Further, according to the method for producing a cleaning sheet of the present invention, the above-mentioned cleaning sheet can be suitably produced.

[Brief description of the drawings]

FIG. 1 is a perspective view of a cleaning sheet according to an embodiment of the present invention.

FIG. 2 is a cross-sectional view illustrating a state in which the cleaning sheet illustrated in FIG. 1 is cut along a line II-II.

FIG. 3 is an enlarged sectional view showing the cleaning sheet shown in FIG. 2;

FIG. 4 is a plan view of a net used as a mesh sheet.

5 is a schematic configuration diagram of a manufacturing apparatus suitably used when manufacturing the cleaning sheet shown in FIG.

FIG. 6 is a plan view of a fiber aggregate used as a mesh sheet.

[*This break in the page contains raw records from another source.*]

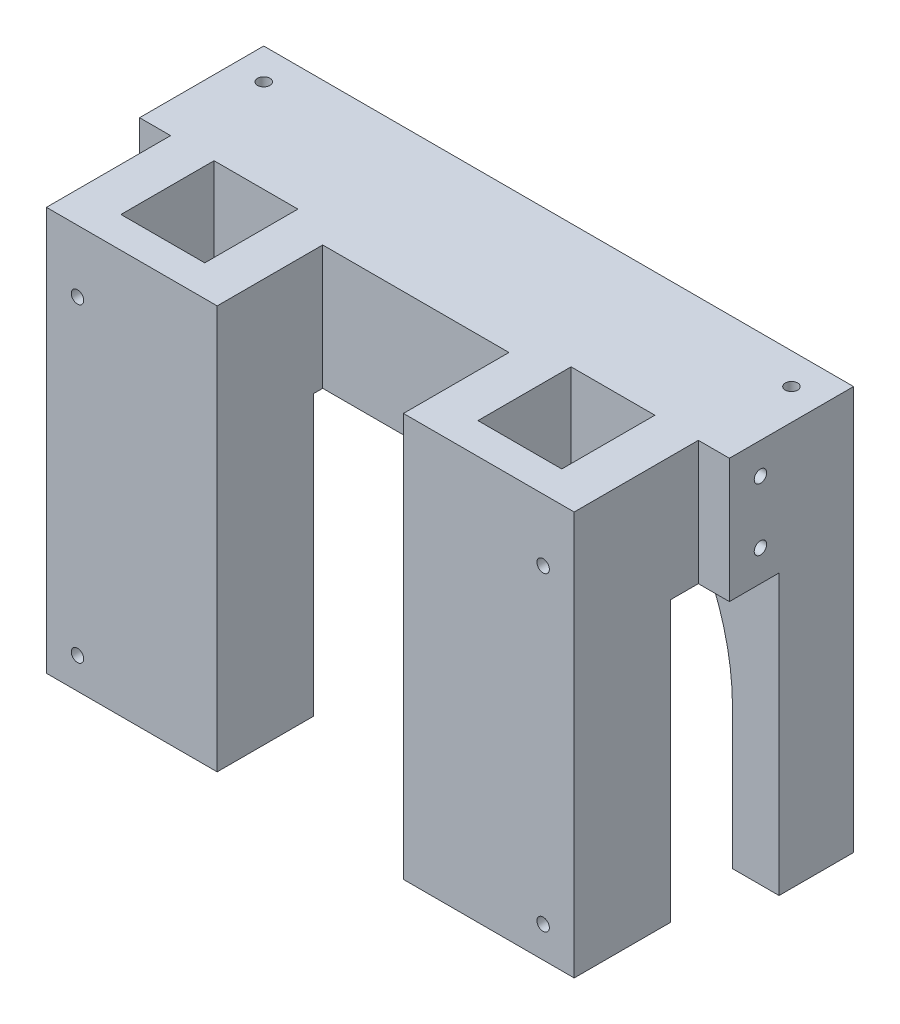
SolidWorks part; units mm, degrees
ref_plane "Plan de face" through (0, 0, 0) normal (0, 0, 1) x (1, 0, 0)
ref_plane "Plan de dessus" through (0, 0, 0) normal (0, 1, 0) x (1, 0, 0)
ref_plane "Plan de droite" through (0, 0, 0) normal (1, 0, 0) x (0, 0, -1)
sketch "Esquisse1" plane through (0, 0, 0) normal (0, 0, 1) x (1, 0, 0)
  line L1 (-47.5, 32.5) -> (47.5, 32.5)
  line L2 (-47.5, 32.5) -> (-47.5, -32.5)
  line L3 (-47.5, -32.5) -> (47.5, -32.5)
  line L4 (47.5, 32.5) -> (47.5, -32.5)
  point P4 (0, 32.5)
  point P5 (0, -32.5)
  point P6 (47.5, 0)
  point P7 (-47.5, 0)
  dimension "D1" = 95
  dimension "D2" = 65
extrude "Boss.-Extru.1" add sketch "Esquisse1" along normal blind 40
ref_plane "Plan1" through (0, -10, 0) normal (0, 1, 0) x (1, 0, 0)
sketch "Esquisse3" plane through (0, 0, 0) normal (0, 0, -1) x (-1, 0, 0)
  line L0 (22, -10) -> (-22, -10) construction
  circle A0 centre (0, -10) radius 40
  dimension "D1" = 80
extrude "Enlèv. mat.-Extru.1" cut sketch "Esquisse3" against normal blind 12
ref_plane "Plan2" through (-47.5, 32.5, 0) normal (0, 0, -1) x (-1, 0, 0)
sketch "Esquisse5" plane through (0, 32.5, 0) normal (0, 1, 0) x (1, 0, 0)
  line L1 (-42.5, -20) -> (-47.5, -20)
  line L2 (-42.5, -20) -> (-42.5, -40)
  line L3 (-42.5, -40) -> (-47.5, -40)
  line L4 (-47.5, -20) -> (-47.5, -40)
  dimension "D1" = 5
  dimension "D2" = 20
extrude "Enlèv. mat.-Extru.2" cut sketch "Esquisse5" against normal through all
sketch "Esquisse6" plane through (0, 32.5, 0) normal (0, 1, 0) x (1, 0, 0)
  line L0 (47.5, -40) -> (47.5, 0) construction
  line L1 (47.5, -20) -> (42.5, -20)
  line L2 (47.5, -20) -> (47.5, -40)
  line L3 (47.5, -40) -> (42.5, -40)
  line L4 (42.5, -20) -> (42.5, -40)
  line L5 (47.5, -40) -> (-42.5, -40) construction
  line L6 (-42.5, -20) -> (-47.5, -20) construction
  dimension "D1" = 5
extrude "Enlèv. mat.-Extru.3" cut sketch "Esquisse6" against normal through all
sketch "Esquisse7" plane through (0, 0, 0) normal (0, 0, -1) x (-1, 0, 0)
  line L0 (22, -10) -> (-22, -10) construction
  line L1 (-40, -10) -> (40, -10)
  line L2 (-40, -10) -> (-40, -32.5)
  line L3 (-40, -32.5) -> (40, -32.5)
  line L4 (40, -10) -> (40, -32.5)
  line L5 (47.5, -32.5) -> (33.0719, -32.5) construction
  arc A0 (33.0719, -32.5) -> (-33.0719, -32.5) centre (0, -10) ccw construction
  arc A1 (33.0719, -32.5) -> (-33.0719, -32.5) centre (0, -10) ccw construction
extrude "Enlèv. mat.-Extru.4" cut sketch "Esquisse7" against normal up to surface (12 mm away) up to face at (0, -1.25, 12)
sketch "Esquisse8" plane through (0, -32.5, 0) normal (0, -1, 0) x (1, 0, 0)
  line L0 (40, 12) -> (-40, 12) construction
  line L1 (-47.5, 24.5) -> (47.5, 24.5)
  line L2 (-47.5, 24.5) -> (-47.5, 12)
  line L3 (-47.5, 12) -> (47.5, 12)
  line L4 (47.5, 24.5) -> (47.5, 12)
  line L5 (-47.5, 20) -> (-47.5, 0) construction
  line L6 (47.5, 20) -> (47.5, 0) construction
  line L7 (-42.5, 40) -> (42.5, 40) construction
  dimension "D1" = 15.5
extrude "Enlèv. mat.-Extru.5" cut sketch "Esquisse8" against normal blind 45
sketch "Esquisse10" plane through (0, 0, 40) normal (0, 0, 1) x (1, 0, 0)
  line L0 (-42.5, -32.5) -> (42.5, -32.5) construction
  line L1 (-15, 32.5) -> (15, 32.5)
  line L2 (-15, 32.5) -> (-15, -32.5)
  line L3 (-15, -32.5) -> (15, -32.5)
  line L4 (15, 32.5) -> (15, -32.5)
  line L5 (42.5, 32.5) -> (-42.5, 32.5) construction
  point P6 (0, 32.5)
  dimension "D1" = 30
extrude "Enlèv. mat.-Extru.6" cut sketch "Esquisse10" against normal blind 17
sketch "Esquisse11" plane through (0, 32.5, 0) normal (0, 1, 0) x (1, 0, 0)
  line L0 (-15, -40) -> (-42.5, -40) construction
  line L1 (-35.5, -35) -> (-22, -35)
  line L2 (-35.5, -35) -> (-35.5, -20)
  line L3 (-35.5, -20) -> (-22, -20)
  line L4 (-22, -35) -> (-22, -20)
  line L5 (-42.5, -40) -> (-42.5, -20) construction
  line L6 (-15, -23) -> (-15, -40) construction
  line L10 (-42.5, -20) -> (-47.5, -20) construction
  dimension "D1" = 5
  dimension "D2" = 7
  dimension "D3" = 7
extrude "Enlèv. mat.-Extru.7" cut sketch "Esquisse11" against normal through all
sketch "Esquisse12" plane through (0, 32.5, 0) normal (0, 1, 0) x (1, 0, 0)
  line L0 (-35.5, -35) -> (-22, -35) construction
  line L1 (22, -20) -> (35.5, -20)
  line L2 (22, -20) -> (22, -35)
  line L3 (22, -35) -> (35.5, -35)
  line L4 (35.5, -20) -> (35.5, -35)
  line L5 (-22, -20) -> (-35.5, -20) construction
  line L6 (15, -23) -> (15, -40) construction
  line L7 (42.5, -20) -> (42.5, -40) construction
  dimension "D1" = 7
  dimension "D2" = 7
extrude "Enlèv. mat.-Extru.8" cut sketch "Esquisse12" against normal through all
sketch "Esquisse14" plane through (-47.5, 0, 0) normal (-1, 0, 0) x (0, 0, 1)
  line L0 (20, 12.5) -> (20, 32.5) construction
  line L2 (20, 32.5) -> (0, 32.5) construction
  circle A0 centre (15, 27.5) radius 1
  circle A1 centre (15, 17.5) radius 1
  dimension "D1" = 2
  dimension "D2" = 2
  dimension "D3" = 5
  dimension "D4" = 5
  dimension "D5" = 10
extrude "Enlèv. mat.-Extru.9" cut sketch "Esquisse14" against normal through all
sketch "Esquisse15" plane through (0, 0, 40) normal (0, 0, 1) x (1, 0, 0)
  line L0 (-15, 32.5) -> (-42.5, 32.5) construction
  line L2 (-42.5, -32.5) -> (-42.5, 32.5) construction
  line L3 (42.5, 12.5) -> (42.5, 32.5) construction
  line L4 (-42.5, -32.5) -> (-15, -32.5) construction
  circle A0 centre (-37.5, 22.5) radius 1
  circle A1 centre (37.5, 22.5) radius 1
  circle A2 centre (-37.5, -27.5) radius 1
  circle A3 centre (37.5, -27.5) radius 1
  dimension "D1" = 2
  dimension "D2" = 2
  dimension "D7" = 2
  dimension "D9" = 2
  dimension "D3" = 10
  dimension "D5" = 5
  dimension "D6" = 5
  dimension "D8" = 5
extrude "Enlèv. mat.-Extru.10" cut sketch "Esquisse15" against normal through all
sketch "Esquisse16" plane through (0, -32.5, 0) normal (0, -1, 0) x (1, 0, 0)
  line L0 (47.5, 12) -> (47.5, 0) construction
  line L1 (40, 0) -> (47.5, 0) construction
  line L2 (-47.5, 12) -> (-47.5, 0) construction
  circle A0 centre (42.5, 5) radius 1
  circle A1 centre (-42.5, 5) radius 1
  point P8 (-47.5, 6)
  dimension "D1" = 2
  dimension "D4" = 2
  dimension "D2" = 5
  dimension "D3" = 5
  dimension "D5" = 5
extrude "Enlèv. mat.-Extru.11" cut sketch "Esquisse16" against normal through all

FIG. 7 is a plan view of a perforated film used as a mesh sheet.

[Explanation of symbols]

 DESCRIPTION OF SYMBOLS 10 Cleaning sheet 10A 2nd convex part 10B 2nd concave part 11 Net-like sheet 12 1st sheet 14 Fiber aggregate 14A 1st convex part 14B 1st concave part 15 2nd sheet

Claims (3)

(57) [Claims] 1. A first sheet in which a mesh sheet and a fiber assembly are integrated by entanglement of fibers, and the first sheet is partially joined to a heat-shrinkable second sheet to form an integral structure. Cleaning sheet, wherein the first sheet has a number of relatively small first irregularities formed on the surface thereof, and the entire first sheet is relatively small with respect to the second sheet. A cleaning sheet, wherein a large second uneven portion is formed. 2. After laminating a fiber web on one or both sides of a heat-shrinkable mesh sheet, a first sheet is formed by entanglement and integration of the mesh sheet and the fiber web, and the first sheet is heated. Forming a relatively small first uneven portion on the surface of the first sheet by shrinking the net-like sheet, and partially joining and integrating the first sheet with the heat-shrinkable second sheet. Heating the first and second sheets,
A method for manufacturing a cleaning sheet, wherein a second sheet is contracted to form a relatively large second uneven portion on the entire first sheet with respect to the second sheet. 3. A first sheet is formed by laminating a fiber web on one side or both sides of a heat-shrinkable net-like sheet, and then intertwining the net-like sheet with the fiber web to form a first sheet. Next, the first sheet and the second sheet are heated in an integrated state, and the first sheet and the second sheet are shrunk so that the first sheet and the second sheet are contracted. A method for manufacturing a cleaning sheet, wherein the uneven portion and the second uneven portion are simultaneously formed.